The Trinidad and Tobago Football Association (TTFA) kickstarted its Nationwide Primary Schools project in January, in conjunction with title sponsor, Nu-Iron, and the Ministry of Education. The aim was to introduce 1,000 boys and 1,000 girls to the game, who would then be coerced into joining clubs and academies and, of course, playing for their schools.

Photo: Former Jamaica World Cup player Marcus Gayle (centre) is surrounded by young players in Speyside during the British Airways Tobago Legends Football Challenge community outreach programme.
(Courtesy Allan V Crane/Wired868)

“This is going to introduce just the basics of the game with simple technique and probably very little tactical [work],” said TTFA technical director Anton Corneal, on 24 January 2018. “[…] If we would like to compete then this is the way. It needs to start here. There needs to be good coaching, well organised sessions, it needs to be a disciplined setting and the kids need to have fun and if we can do this then we will be on the right path.”

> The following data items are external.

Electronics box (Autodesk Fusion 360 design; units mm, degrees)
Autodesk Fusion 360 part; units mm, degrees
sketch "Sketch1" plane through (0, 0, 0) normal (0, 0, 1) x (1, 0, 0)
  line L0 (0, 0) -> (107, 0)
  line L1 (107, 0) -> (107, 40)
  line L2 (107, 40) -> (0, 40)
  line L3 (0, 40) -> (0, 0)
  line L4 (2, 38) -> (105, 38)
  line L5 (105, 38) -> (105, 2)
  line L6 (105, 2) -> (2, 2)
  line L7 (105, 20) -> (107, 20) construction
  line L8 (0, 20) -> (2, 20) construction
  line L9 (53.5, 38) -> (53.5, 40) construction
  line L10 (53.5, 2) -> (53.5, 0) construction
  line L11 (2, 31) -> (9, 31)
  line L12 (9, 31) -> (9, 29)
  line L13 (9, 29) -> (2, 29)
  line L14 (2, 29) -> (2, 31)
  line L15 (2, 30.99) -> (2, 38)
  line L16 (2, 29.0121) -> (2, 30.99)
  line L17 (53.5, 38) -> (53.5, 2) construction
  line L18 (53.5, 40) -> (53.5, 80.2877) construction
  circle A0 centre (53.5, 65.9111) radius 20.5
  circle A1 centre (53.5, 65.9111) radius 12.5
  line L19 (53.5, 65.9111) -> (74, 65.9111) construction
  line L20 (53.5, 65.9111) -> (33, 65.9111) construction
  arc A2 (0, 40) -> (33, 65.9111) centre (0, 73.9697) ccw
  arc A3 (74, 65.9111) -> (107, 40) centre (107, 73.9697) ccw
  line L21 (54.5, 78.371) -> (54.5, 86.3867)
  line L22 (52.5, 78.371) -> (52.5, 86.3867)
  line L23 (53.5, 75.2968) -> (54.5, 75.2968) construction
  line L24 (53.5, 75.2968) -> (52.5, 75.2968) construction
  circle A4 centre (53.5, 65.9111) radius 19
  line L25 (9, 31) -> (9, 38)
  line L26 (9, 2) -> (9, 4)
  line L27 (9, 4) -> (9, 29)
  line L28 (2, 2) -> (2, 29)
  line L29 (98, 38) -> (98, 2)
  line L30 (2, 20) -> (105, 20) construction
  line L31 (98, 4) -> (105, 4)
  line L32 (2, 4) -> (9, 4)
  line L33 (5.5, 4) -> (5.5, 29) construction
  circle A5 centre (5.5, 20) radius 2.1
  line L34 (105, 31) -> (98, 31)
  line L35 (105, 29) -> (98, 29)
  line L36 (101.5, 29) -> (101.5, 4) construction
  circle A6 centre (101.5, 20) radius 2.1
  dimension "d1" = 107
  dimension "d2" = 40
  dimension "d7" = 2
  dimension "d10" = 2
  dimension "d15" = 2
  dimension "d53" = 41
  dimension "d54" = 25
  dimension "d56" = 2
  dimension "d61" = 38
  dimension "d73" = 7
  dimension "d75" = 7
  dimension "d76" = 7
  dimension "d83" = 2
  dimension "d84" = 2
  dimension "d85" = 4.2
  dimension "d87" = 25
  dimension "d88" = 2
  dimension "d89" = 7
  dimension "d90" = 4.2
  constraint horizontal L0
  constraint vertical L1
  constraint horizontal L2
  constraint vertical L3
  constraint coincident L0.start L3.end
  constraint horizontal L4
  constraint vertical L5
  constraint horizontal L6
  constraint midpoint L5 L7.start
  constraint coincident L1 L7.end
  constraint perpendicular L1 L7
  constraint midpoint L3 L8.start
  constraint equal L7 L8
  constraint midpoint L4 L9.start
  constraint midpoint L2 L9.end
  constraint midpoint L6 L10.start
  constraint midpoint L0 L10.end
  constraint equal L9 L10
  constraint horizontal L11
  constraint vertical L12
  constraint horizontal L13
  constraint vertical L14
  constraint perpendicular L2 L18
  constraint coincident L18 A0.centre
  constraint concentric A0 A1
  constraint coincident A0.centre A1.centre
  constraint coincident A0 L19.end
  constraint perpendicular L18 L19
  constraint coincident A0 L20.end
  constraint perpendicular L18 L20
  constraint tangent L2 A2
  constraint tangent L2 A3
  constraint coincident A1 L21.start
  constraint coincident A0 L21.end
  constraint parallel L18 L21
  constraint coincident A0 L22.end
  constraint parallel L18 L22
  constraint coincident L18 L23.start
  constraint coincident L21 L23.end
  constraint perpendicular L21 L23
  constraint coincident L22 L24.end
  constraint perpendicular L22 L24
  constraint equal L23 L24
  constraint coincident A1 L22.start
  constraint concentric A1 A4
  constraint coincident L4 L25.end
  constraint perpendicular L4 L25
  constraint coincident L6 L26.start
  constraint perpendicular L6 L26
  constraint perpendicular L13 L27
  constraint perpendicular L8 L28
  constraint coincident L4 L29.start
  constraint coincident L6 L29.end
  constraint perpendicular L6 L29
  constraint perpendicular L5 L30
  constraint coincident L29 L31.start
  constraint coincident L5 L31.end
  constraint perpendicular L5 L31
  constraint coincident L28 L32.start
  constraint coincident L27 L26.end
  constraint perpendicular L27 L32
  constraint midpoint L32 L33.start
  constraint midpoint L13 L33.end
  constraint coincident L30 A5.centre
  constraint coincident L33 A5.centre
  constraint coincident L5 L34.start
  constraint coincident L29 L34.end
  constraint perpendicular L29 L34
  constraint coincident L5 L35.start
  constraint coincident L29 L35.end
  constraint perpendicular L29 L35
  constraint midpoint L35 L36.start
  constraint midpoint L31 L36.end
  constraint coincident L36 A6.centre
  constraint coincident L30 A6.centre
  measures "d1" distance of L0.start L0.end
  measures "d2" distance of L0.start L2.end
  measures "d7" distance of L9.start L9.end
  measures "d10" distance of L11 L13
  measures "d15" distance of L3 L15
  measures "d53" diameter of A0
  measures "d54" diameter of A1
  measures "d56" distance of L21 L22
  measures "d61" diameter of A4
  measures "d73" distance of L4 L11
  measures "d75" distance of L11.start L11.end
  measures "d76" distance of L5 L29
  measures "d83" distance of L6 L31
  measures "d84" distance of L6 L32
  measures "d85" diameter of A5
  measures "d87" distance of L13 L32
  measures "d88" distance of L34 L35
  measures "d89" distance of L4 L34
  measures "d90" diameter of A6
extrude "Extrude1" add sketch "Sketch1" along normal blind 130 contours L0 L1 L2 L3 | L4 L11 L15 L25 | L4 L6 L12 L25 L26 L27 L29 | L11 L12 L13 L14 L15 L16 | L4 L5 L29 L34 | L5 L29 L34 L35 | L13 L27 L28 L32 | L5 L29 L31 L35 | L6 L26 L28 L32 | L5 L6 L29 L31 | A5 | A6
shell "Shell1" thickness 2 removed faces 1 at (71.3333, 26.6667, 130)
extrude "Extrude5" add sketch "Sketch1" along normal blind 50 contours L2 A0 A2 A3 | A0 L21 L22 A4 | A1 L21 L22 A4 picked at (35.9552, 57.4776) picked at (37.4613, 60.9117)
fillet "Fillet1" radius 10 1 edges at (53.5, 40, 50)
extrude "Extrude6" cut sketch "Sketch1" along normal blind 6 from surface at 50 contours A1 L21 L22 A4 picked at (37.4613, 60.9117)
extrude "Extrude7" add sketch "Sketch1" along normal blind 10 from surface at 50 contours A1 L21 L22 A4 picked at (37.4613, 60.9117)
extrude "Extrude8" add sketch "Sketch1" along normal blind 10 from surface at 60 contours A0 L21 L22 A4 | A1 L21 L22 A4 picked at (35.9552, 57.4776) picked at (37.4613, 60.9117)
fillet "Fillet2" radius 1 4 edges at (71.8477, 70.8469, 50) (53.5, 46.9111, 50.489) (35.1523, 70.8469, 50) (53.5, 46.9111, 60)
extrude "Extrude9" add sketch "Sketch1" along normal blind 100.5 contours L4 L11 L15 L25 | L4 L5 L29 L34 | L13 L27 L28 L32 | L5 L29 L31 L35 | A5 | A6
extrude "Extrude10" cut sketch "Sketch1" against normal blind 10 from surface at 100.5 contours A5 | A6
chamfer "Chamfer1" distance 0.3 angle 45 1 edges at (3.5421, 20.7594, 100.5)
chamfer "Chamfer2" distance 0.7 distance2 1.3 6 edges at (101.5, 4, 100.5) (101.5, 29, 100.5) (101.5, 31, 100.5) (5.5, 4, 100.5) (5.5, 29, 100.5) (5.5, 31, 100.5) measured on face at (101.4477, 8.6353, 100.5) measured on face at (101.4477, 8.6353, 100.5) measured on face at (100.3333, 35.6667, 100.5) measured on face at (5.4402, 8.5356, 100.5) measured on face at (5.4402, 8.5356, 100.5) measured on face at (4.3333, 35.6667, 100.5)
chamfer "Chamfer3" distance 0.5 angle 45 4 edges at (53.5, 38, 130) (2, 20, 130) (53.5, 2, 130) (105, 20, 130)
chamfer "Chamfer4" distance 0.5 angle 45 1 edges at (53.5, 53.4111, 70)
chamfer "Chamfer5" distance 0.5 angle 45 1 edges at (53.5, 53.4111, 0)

However, although the 2018 program closed in June, scores of coordinators and coaches hired by the TTFA remain unpaid and irate.

TTFA board member Keith Look Loy wrote to football president David John-Williams on 20 October, requesting information on money owed to the South-Eastern District—on behalf of coordinator Damian Daniel. But, two months later, there has still been no response.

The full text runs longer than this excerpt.